OS-level patches currently available
FreeBSD patches being worked on: (https://www.freebsd.org/news/newsflash.html#event20180104:01)
Apple Mitigations (https://support.apple.com/en-us/HT208394)
Microsoft Advisory (https://support.microsoft.com/en-us/help/4073119/protect-against-speculative-execution-side-channel-vulnerabilities-in) Note: A small number of anti-virus applications performing unsupported calls to Windows Kernel memory are causing Blue Screen of Death (BSOD) after the use of this patch, so if you didn't receive the latest Windows security update, you may need to update the AV application first.

Browser patches
Chrome has suggested mitigation from Chrome 63 (released Dec 15) by enabling site-isolation feature. A comprehensive fix will be available in Chrome 64 (releasing Jan 23)
Firefox has short term mitigations available from version 57 (released November)
Microsoft Edge and IE updates are available along with the Windows patch

Virtualization application-level patches
VMware (https://www.vmware.com/us/security/advisories/VMSA-2018-0002.html)
XEN (https://xenbits.xen.org/xsa/advisory-254.html)
Citrix (https://support.citrix.com/article/CTX231399)
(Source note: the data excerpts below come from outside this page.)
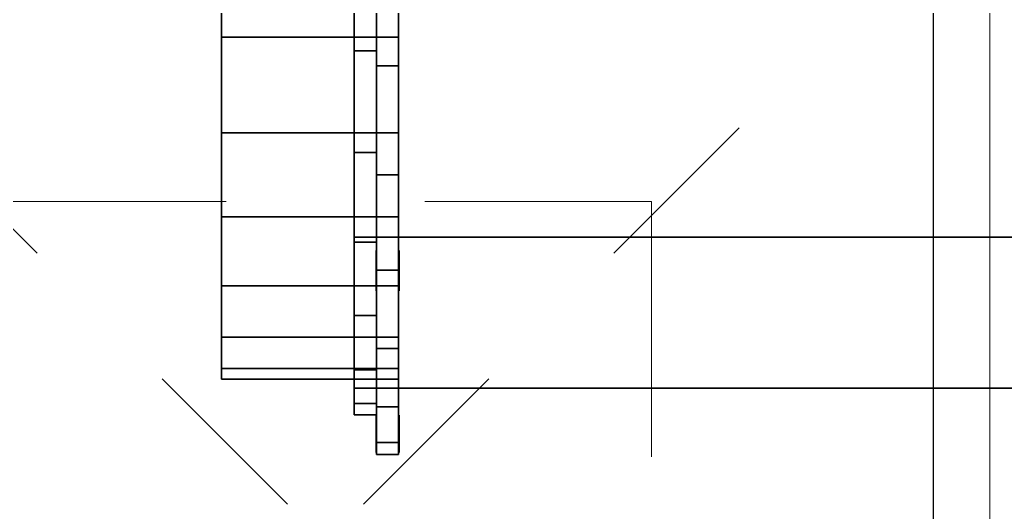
# Model space of a CAD drawing. Header units: millimetres. Extents: x -92759 to 184353, y -15225 to 86714.
# Drawn here: x 63832.3 to 64054.9, y 49311.2 to 49422.3 of the extents above; entities that cross this region are included whole.
import ezdxf

# ---------------------------------------------------------------- set-up
doc = ezdxf.new("R2010")
doc.units = ezdxf.units.MM
doc.linetypes.add('Aligning Line', pattern=[3.2004, 1.6002, -1.6002])
doc.layers.add('A-PATT-CONC', color=8, linetype='Continuous')
doc.layers.add('M-ACMV-EAF', color=86, linetype='Continuous')
doc.layers.add('HFI 9MM FPB', color=94, linetype='Continuous', lineweight=5)
doc.layers.add('M-ACMV_FCU-1', color=86, linetype='Continuous', lineweight=9)
doc.layers.add('M-ACMV_EAG', color=7, linetype='Continuous', lineweight=25, true_color=0x999900)

# ---------------------------------------------------------------- blocks, each defined once
blk = doc.blocks.new('RCP_B8L2')
at = {"layer": 'A-PATT-CONC'}
h = blk.add_hatch(dxfattribs=at)
h.set_pattern_fill('ANSI37', color=256, scale=189, angle=45)
h.set_pattern_definition([(90, (-386618.07, -170702.3), (-600.075, 0), []), (180, (-386618.07, -170702.3), (-6e-14, -600.075), [])])
h.paths.add_polyline_path([(-389618.07, -170702.3), (-386618.07, -170702.3), (-386618.07, -174902.3), (-389618.07, -174902.3)])
at = {"layer": 'HFI 9MM FPB'}
h = blk.add_hatch(dxfattribs=at)
h.set_pattern_fill('ANSI33', color=256, scale=50)
h.set_pattern_definition([(45, (-581589.02, -147239), (-224.5064, 224.5064), []), (45, (-581364.5, -147239), (-224.5064, 224.5064), [158.75, -79.375])])
h.paths.add_polyline_path([(-389618.07, -170702.3), (-386618.07, -170702.3), (-386618.07, -174902.3), (-389618.07, -174902.3)], flags=16)
h.paths.add_polyline_path([(-389968.07, -175527.3), (-389968.07, -170527.3), (-386268.07, -170527.3), (-386268.07, -175527.3), (-387018.07, -175527.3), (-387018.07, -175077.3), (-387618.07, -175077.3), (-387618.07, -175527.3)])
blk = doc.blocks.new('A$C0c7653cf')
at = {"layer": 'M-ACMV_EAG', "linetype": 'Aligning Line', "lineweight": 5, "ltscale": 25}
for p, q in [((-150, 150), (150, -150)), ((150, 150), (-150, -150))]:
    blk.add_line(p, q, dxfattribs=at)
at = {"layer": 'M-ACMV_EAG', "lineweight": 5}
blk.add_lwpolyline([(-150, 150), (150, 150), (150, -150), (-150, -150)], close=True, dxfattribs=at)
for points in [[(-22.4, 76.79), (-73.59, 76.79), (-73.59, 25.6)], [(73.59, 19.2), (73.59, 76.79), (22.4, 76.79)]]:
    blk.add_lwpolyline(points, dxfattribs=at)
blk = doc.blocks.new('A$Cd3efbef9')
at = {"layer": 'M-ACMV-EAF', "invisible_edges": 14}
for points in [[(109.9, 321.423141, -0.719639), (109.9, 321.5, -1.5), (109.9, 317.5, -1.5)], [(109.9, 321.5, -1.5), (109.9, 321.423141, -2.280361), (109.9, 317.5, -1.5)], [(109.9, 321.195518, 0.030734), (109.9, 321.423141, -0.719639), (109.9, 317.5, -1.5)], [(109.9, 321.423141, -2.280361), (109.9, 321.195518, -3.030734), (109.9, 317.5, -1.5)], [(109.9, 320.825878, 0.722281), (109.9, 321.195518, 0.030734), (109.9, 317.5, -1.5)], [(109.9, 321.195518, -3.030734), (109.9, 320.825878, -3.722281), (109.9, 317.5, -1.5)], [(109.9, 321.001634, -74.292724), (109.9, 321.078493, -75.073085), (109.9, 317.078493, -75.073085)], [(109.9, 321.078493, -75.073085), (109.9, 321.001634, -75.853447), (109.9, 317.078493, -75.073085)], [(109.9, 320.774011, -73.542352), (109.9, 321.001634, -74.292724), (109.9, 317.078493, -75.073085)], [(109.9, 321.001634, -75.853447), (109.9, 320.774011, -76.603819), (109.9, 317.078493, -75.073085)], [(109.9, 320.328427, 1.328427), (109.9, 320.825878, 0.722281), (109.9, 317.5, -1.5)], [(109.9, 320.825878, -3.722281), (109.9, 320.328427, -4.328427), (109.9, 317.5, -1.5)], [(109.9, 320.404371, -72.850805), (109.9, 320.774011, -73.542352), (109.9, 317.078493, -75.073085)], [(109.9, 320.774011, -76.603819), (109.9, 320.404371, -77.295366), (109.9, 317.078493, -75.073085)], [(115.1, 321.423141, -0.719639), (115.1, 321.5, -1.5), (115.1, 317.5, -1.5)], [(115.1, 321.5, -1.5), (115.1, 321.423141, -2.280361), (115.1, 317.5, -1.5)], [(115.1, 321.195518, 0.030734), (115.1, 321.423141, -0.719639), (115.1, 317.5, -1.5)], [(115.1, 321.423141, -2.280361), (115.1, 321.195518, -3.030734), (115.1, 317.5, -1.5)], [(115.1, 320.825878, 0.722281), (115.1, 321.195518, 0.030734), (115.1, 317.5, -1.5)], [(115.1, 321.195518, -3.030734), (115.1, 320.825878, -3.722281), (115.1, 317.5, -1.5)], [(115.1, 321.001634, -74.292724), (115.1, 321.078493, -75.073085), (115.1, 317.078493, -75.073085)], [(115.1, 321.078493, -75.073085), (115.1, 321.001634, -75.853447), (115.1, 317.078493, -75.073085)], [(115.1, 320.774011, -73.542352), (115.1, 321.001634, -74.292724), (115.1, 317.078493, -75.073085)], [(115.1, 321.001634, -75.853447), (115.1, 320.774011, -76.603819), (115.1, 317.078493, -75.073085)], [(115.1, 320.328427, 1.328427), (115.1, 320.825878, 0.722281), (115.1, 317.5, -1.5)], [(115.1, 320.825878, -3.722281), (115.1, 320.328427, -4.328427), (115.1, 317.5, -1.5)], [(115.1, 320.404371, -72.850805), (115.1, 320.774011, -73.542352), (115.1, 317.078493, -75.073085)], [(115.1, 320.774011, -76.603819), (115.1, 320.404371, -77.295366), (115.1, 317.078493, -75.073085)], [(109.9, 319.90692, -72.244658), (109.9, 320.404371, -72.850805), (109.9, 317.078493, -75.073085)], [(109.9, 320.404371, -77.295366), (109.9, 319.90692, -77.901513), (109.9, 317.078493, -75.073085)], [(109.9, 319.72228, 1.825878), (109.9, 320.328427, 1.328427), (109.9, 317.5, -1.5)], [(109.9, 320.328427, -4.328427), (109.9, 319.72228, -4.825878), (109.9, 317.5, -1.5)], [(109.9, 319.300773, -71.747207), (109.9, 319.90692, -72.244658), (109.9, 317.078493, -75.073085)], [(109.9, 319.90692, -77.901513), (109.9, 319.300773, -78.398964), (109.9, 317.078493, -75.073085)], [(109.9, 319.030733, 2.195518), (109.9, 319.72228, 1.825878), (109.9, 317.5, -1.5)], [(109.9, 319.72228, -4.825878), (109.9, 319.030733, -5.195518), (109.9, 317.5, -1.5)], [(109.9, 318.609226, -71.377567), (109.9, 319.300773, -71.747207), (109.9, 317.078493, -75.073085)], [(109.9, 319.300773, -78.398964), (109.9, 318.609226, -78.768604), (109.9, 317.078493, -75.073085)], [(109.9, 318.280361, 2.423141), (109.9, 319.030733, 2.195518), (109.9, 317.5, -1.5)], [(109.9, 319.030733, -5.195518), (109.9, 318.280361, -5.423141), (109.9, 317.5, -1.5)], [(109.9, 317.858854, -71.149944), (109.9, 318.609226, -71.377567), (109.9, 317.078493, -75.073085)], [(109.9, 318.609226, -78.768604), (109.9, 317.858854, -78.996227), (109.9, 317.078493, -75.073085)], [(109.9, 317.5, 2.5), (109.9, 318.280361, 2.423141), (109.9, 317.5, -1.5)], [(109.9, 318.280361, -5.423141), (109.9, 317.5, -5.5), (109.9, 317.5, -1.5)], [(115.1, 319.90692, -72.244658), (115.1, 320.404371, -72.850805), (115.1, 317.078493, -75.073085)], [(115.1, 320.404371, -77.295366), (115.1, 319.90692, -77.901513), (115.1, 317.078493, -75.073085)], [(115.1, 319.72228, 1.825878), (115.1, 320.328427, 1.328427), (115.1, 317.5, -1.5)], [(115.1, 320.328427, -4.328427), (115.1, 319.72228, -4.825878), (115.1, 317.5, -1.5)], [(115.1, 319.300773, -71.747207), (115.1, 319.90692, -72.244658), (115.1, 317.078493, -75.073085)], [(115.1, 319.90692, -77.901513), (115.1, 319.300773, -78.398964), (115.1, 317.078493, -75.073085)], [(115.1, 319.030733, 2.195518), (115.1, 319.72228, 1.825878), (115.1, 317.5, -1.5)], [(115.1, 319.72228, -4.825878), (115.1, 319.030733, -5.195518), (115.1, 317.5, -1.5)], [(115.1, 318.609226, -71.377567), (115.1, 319.300773, -71.747207), (115.1, 317.078493, -75.073085)], [(115.1, 319.300773, -78.398964), (115.1, 318.609226, -78.768604), (115.1, 317.078493, -75.073085)], [(115.1, 318.280361, 2.423141), (115.1, 319.030733, 2.195518), (115.1, 317.5, -1.5)], [(115.1, 319.030733, -5.195518), (115.1, 318.280361, -5.423141), (115.1, 317.5, -1.5)], [(115.1, 317.858854, -71.149944), (115.1, 318.609226, -71.377567), (115.1, 317.078493, -75.073085)], [(115.1, 318.609226, -78.768604), (115.1, 317.858854, -78.996227), (115.1, 317.078493, -75.073085)], [(115.1, 317.5, 2.5), (115.1, 318.280361, 2.423141), (115.1, 317.5, -1.5)], [(115.1, 318.280361, -5.423141), (115.1, 317.5, -5.5), (115.1, 317.5, -1.5)], [(109.9, 317.078493, -71.073085), (109.9, 317.858854, -71.149944), (109.9, 317.078493, -75.073085)], [(109.9, 317.858854, -78.996227), (109.9, 317.078493, -79.073085), (109.9, 317.078493, -75.073085)], [(109.9, 317.5, -5.5), (109.9, 316.719638, -5.423141), (109.9, 317.5, -1.5)], [(109.9, 316.719638, -5.423141), (109.9, 315.969266, -5.195518), (109.9, 317.5, -1.5)], [(109.9, 315.969266, -5.195518), (109.9, 315.277719, -4.825878), (109.9, 317.5, -1.5)], [(109.9, 315.277719, -4.825878), (109.9, 314.671572, -4.328427), (109.9, 317.5, -1.5)], [(109.9, 314.671572, -4.328427), (109.9, 314.174121, -3.722281), (109.9, 317.5, -1.5)], [(109.9, 314.174121, -3.722281), (109.9, 313.804481, -3.030734), (109.9, 317.5, -1.5)], [(109.9, 313.804481, -3.030734), (109.9, 313.576858, -2.280361), (109.9, 317.5, -1.5)], [(109.9, 313.576858, -2.280361), (109.9, 313.5, -1.5), (109.9, 317.5, -1.5)], [(109.9, 313.5, -1.5), (109.9, 313.576858, -0.719639), (109.9, 317.5, -1.5)], [(109.9, 313.576858, -0.719639), (109.9, 313.804481, 0.030734), (109.9, 317.5, -1.5)], [(109.9, 313.804481, 0.030734), (109.9, 314.174121, 0.722281), (109.9, 317.5, -1.5)], [(109.9, 314.174121, 0.722281), (109.9, 314.671572, 1.328427), (109.9, 317.5, -1.5)], [(109.9, 314.671572, 1.328427), (109.9, 315.277719, 1.825878), (109.9, 317.5, -1.5)], [(109.9, 315.277719, 1.825878), (109.9, 315.969266, 2.195518), (109.9, 317.5, -1.5)], [(109.9, 315.969266, 2.195518), (109.9, 316.719638, 2.423141), (109.9, 317.5, -1.5)], [(109.9, 316.719638, 2.423141), (109.9, 317.5, 2.5), (109.9, 317.5, -1.5)], [(109.9, 317.078493, -79.073085), (109.9, 316.298131, -78.996227), (109.9, 317.078493, -75.073085)], [(109.9, 316.298131, -78.996227), (109.9, 315.547759, -78.768604), (109.9, 317.078493, -75.073085)], [(109.9, 315.547759, -78.768604), (109.9, 314.856212, -78.398964), (109.9, 317.078493, -75.073085)], [(109.9, 314.856212, -78.398964), (109.9, 314.250065, -77.901513), (109.9, 317.078493, -75.073085)], [(109.9, 314.250065, -77.901513), (109.9, 313.752614, -77.295366), (109.9, 317.078493, -75.073085)], [(109.9, 313.752614, -77.295366), (109.9, 313.382974, -76.603819), (109.9, 317.078493, -75.073085)], [(109.9, 313.382974, -76.603819), (109.9, 313.155351, -75.853447), (109.9, 317.078493, -75.073085)], [(109.9, 313.155351, -75.853447), (109.9, 313.078493, -75.073085), (109.9, 317.078493, -75.073085)], [(109.9, 313.078493, -75.073085), (109.9, 313.155351, -74.292724), (109.9, 317.078493, -75.073085)], [(109.9, 313.155351, -74.292724), (109.9, 313.382974, -73.542352), (109.9, 317.078493, -75.073085)], [(109.9, 313.382974, -73.542352), (109.9, 313.752614, -72.850805), (109.9, 317.078493, -75.073085)], [(109.9, 313.752614, -72.850805), (109.9, 314.250065, -72.244658), (109.9, 317.078493, -75.073085)], [(109.9, 314.250065, -72.244658), (109.9, 314.856212, -71.747207), (109.9, 317.078493, -75.073085)], [(109.9, 314.856212, -71.747207), (109.9, 315.547759, -71.377567), (109.9, 317.078493, -75.073085)], [(109.9, 315.547759, -71.377567), (109.9, 316.298131, -71.149944), (109.9, 317.078493, -75.073085)], [(109.9, 316.298131, -71.149944), (109.9, 317.078493, -71.073085), (109.9, 317.078493, -75.073085)], [(115.1, 317.078493, -71.073085), (115.1, 317.858854, -71.149944), (115.1, 317.078493, -75.073085)], [(115.1, 317.858854, -78.996227), (115.1, 317.078493, -79.073085), (115.1, 317.078493, -75.073085)], [(115.1, 317.5, -5.5), (115.1, 316.719638, -5.423141), (115.1, 317.5, -1.5)], [(115.1, 316.719638, -5.423141), (115.1, 315.969266, -5.195518), (115.1, 317.5, -1.5)], [(115.1, 315.969266, -5.195518), (115.1, 315.277719, -4.825878), (115.1, 317.5, -1.5)], [(115.1, 315.277719, -4.825878), (115.1, 314.671572, -4.328427), (115.1, 317.5, -1.5)], [(115.1, 314.671572, -4.328427), (115.1, 314.174121, -3.722281), (115.1, 317.5, -1.5)], [(115.1, 314.174121, -3.722281), (115.1, 313.804481, -3.030734), (115.1, 317.5, -1.5)], [(115.1, 313.804481, -3.030734), (115.1, 313.576858, -2.280361), (115.1, 317.5, -1.5)], [(115.1, 313.576858, -2.280361), (115.1, 313.5, -1.5), (115.1, 317.5, -1.5)], [(115.1, 313.5, -1.5), (115.1, 313.576858, -0.719639), (115.1, 317.5, -1.5)], [(115.1, 313.576858, -0.719639), (115.1, 313.804481, 0.030734), (115.1, 317.5, -1.5)], [(115.1, 313.804481, 0.030734), (115.1, 314.174121, 0.722281), (115.1, 317.5, -1.5)], [(115.1, 314.174121, 0.722281), (115.1, 314.671572, 1.328427), (115.1, 317.5, -1.5)], [(115.1, 314.671572, 1.328427), (115.1, 315.277719, 1.825878), (115.1, 317.5, -1.5)], [(115.1, 315.277719, 1.825878), (115.1, 315.969266, 2.195518), (115.1, 317.5, -1.5)], [(115.1, 315.969266, 2.195518), (115.1, 316.719638, 2.423141), (115.1, 317.5, -1.5)], [(115.1, 316.719638, 2.423141), (115.1, 317.5, 2.5), (115.1, 317.5, -1.5)], [(115.1, 317.078493, -79.073085), (115.1, 316.298131, -78.996227), (115.1, 317.078493, -75.073085)], [(115.1, 316.298131, -78.996227), (115.1, 315.547759, -78.768604), (115.1, 317.078493, -75.073085)], [(115.1, 315.547759, -78.768604), (115.1, 314.856212, -78.398964), (115.1, 317.078493, -75.073085)], [(115.1, 314.856212, -78.398964), (115.1, 314.250065, -77.901513), (115.1, 317.078493, -75.073085)], [(115.1, 314.250065, -77.901513), (115.1, 313.752614, -77.295366), (115.1, 317.078493, -75.073085)], [(115.1, 313.752614, -77.295366), (115.1, 313.382974, -76.603819), (115.1, 317.078493, -75.073085)], [(115.1, 313.382974, -76.603819), (115.1, 313.155351, -75.853447), (115.1, 317.078493, -75.073085)], [(115.1, 313.155351, -75.853447), (115.1, 313.078493, -75.073085), (115.1, 317.078493, -75.073085)], [(115.1, 313.078493, -75.073085), (115.1, 313.155351, -74.292724), (115.1, 317.078493, -75.073085)], [(115.1, 313.155351, -74.292724), (115.1, 313.382974, -73.542352), (115.1, 317.078493, -75.073085)], [(115.1, 313.382974, -73.542352), (115.1, 313.752614, -72.850805), (115.1, 317.078493, -75.073085)], [(115.1, 313.752614, -72.850805), (115.1, 314.250065, -72.244658), (115.1, 317.078493, -75.073085)], [(115.1, 314.250065, -72.244658), (115.1, 314.856212, -71.747207), (115.1, 317.078493, -75.073085)], [(115.1, 314.856212, -71.747207), (115.1, 315.547759, -71.377567), (115.1, 317.078493, -75.073085)], [(115.1, 315.547759, -71.377567), (115.1, 316.298131, -71.149944), (115.1, 317.078493, -75.073085)], [(115.1, 316.298131, -71.149944), (115.1, 317.078493, -71.073085), (115.1, 317.078493, -75.073085)], [(109.9, 285.001634, 63.207276), (109.9, 285.078493, 62.426915), (109.9, 281.078493, 62.426915)], [(109.9, 285.078493, 62.426915), (109.9, 285.001634, 61.646553), (109.9, 281.078493, 62.426915)], [(109.9, 284.774011, 63.957648), (109.9, 285.001634, 63.207276), (109.9, 281.078493, 62.426915)], [(109.9, 285.001634, 61.646553), (109.9, 284.774011, 60.896181), (109.9, 281.078493, 62.426915)], [(115.1, 285.001634, 63.207276), (115.1, 285.078493, 62.426915), (115.1, 281.078493, 62.426915)], [(115.1, 285.078493, 62.426915), (115.1, 285.001634, 61.646553), (115.1, 281.078493, 62.426915)], [(115.1, 284.774011, 63.957648), (115.1, 285.001634, 63.207276), (115.1, 281.078493, 62.426915)], [(115.1, 285.001634, 61.646553), (115.1, 284.774011, 60.896181), (115.1, 281.078493, 62.426915)], [(109.9, 284.404371, 64.649195), (109.9, 284.774011, 63.957648), (109.9, 281.078493, 62.426915)], [(109.9, 284.774011, 60.896181), (109.9, 284.404371, 60.204634), (109.9, 281.078493, 62.426915)], [(109.9, 283.90692, 65.255342), (109.9, 284.404371, 64.649195), (109.9, 281.078493, 62.426915)], [(109.9, 284.404371, 60.204634), (109.9, 283.90692, 59.598487), (109.9, 281.078493, 62.426915)], [(109.9, 283.850055, -137.798132), (109.9, 283.926914, -138.578493), (109.9, 279.926914, -138.578493)], [(109.9, 283.926914, -138.578493), (109.9, 283.850055, -139.358854), (109.9, 279.926914, -138.578493)], [(109.9, 283.300773, 65.752793), (109.9, 283.90692, 65.255342), (109.9, 281.078493, 62.426915)], [(109.9, 283.90692, 59.598487), (109.9, 283.300773, 59.101036), (109.9, 281.078493, 62.426915)], [(109.9, 283.622432, -137.047759), (109.9, 283.850055, -137.798132), (109.9, 279.926914, -138.578493)], [(109.9, 283.850055, -139.358854), (109.9, 283.622432, -140.109227), (109.9, 279.926914, -138.578493)], [(109.9, 283.252793, -136.356212), (109.9, 283.622432, -137.047759), (109.9, 279.926914, -138.578493)], [(109.9, 283.622432, -140.109227), (109.9, 283.252793, -140.800774), (109.9, 279.926914, -138.578493)], [(109.9, 282.609226, 66.122433), (109.9, 283.300773, 65.752793), (109.9, 281.078493, 62.426915)], [(109.9, 283.300773, 59.101036), (109.9, 282.609226, 58.731396), (109.9, 281.078493, 62.426915)], [(109.9, 282.755341, -135.750066), (109.9, 283.252793, -136.356212), (109.9, 279.926914, -138.578493)], [(109.9, 283.252793, -140.800774), (109.9, 282.755341, -141.40692), (109.9, 279.926914, -138.578493)], [(109.9, 282.149195, -135.252615), (109.9, 282.755341, -135.750066), (109.9, 279.926914, -138.578493)], [(109.9, 282.755341, -141.40692), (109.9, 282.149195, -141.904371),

Recommendation for cloud apps
Amazon AWS (https://aws.amazon.com/de/security/security-bulletins/AWS-2018-013/)
Microsoft Azure (https://azure.microsoft.com/en-us/blog/securing-azure-customers-from-cpu-vulnerability/)
Google Cloud (https://support.google.com/faqs/answer/7622138)

Conclusion

For those of us in security, 2017 will be remembered for three major ransomware outbreaks and the Equifax data breach. And with such a significant security issue tagged within the first week of the year, 2018 promises to challenging for the security and tech industry.

While we are not aware of any exploit attempts for these vulnerabilities in the wild, it is only a matter of time before we start seeing them. We urge everyone to apply the available security patches.

Zscaler ThreatLabZ will continue to monitor and ensure coverage for any in-the-wild exploit attempts targeting these vulnerabilities.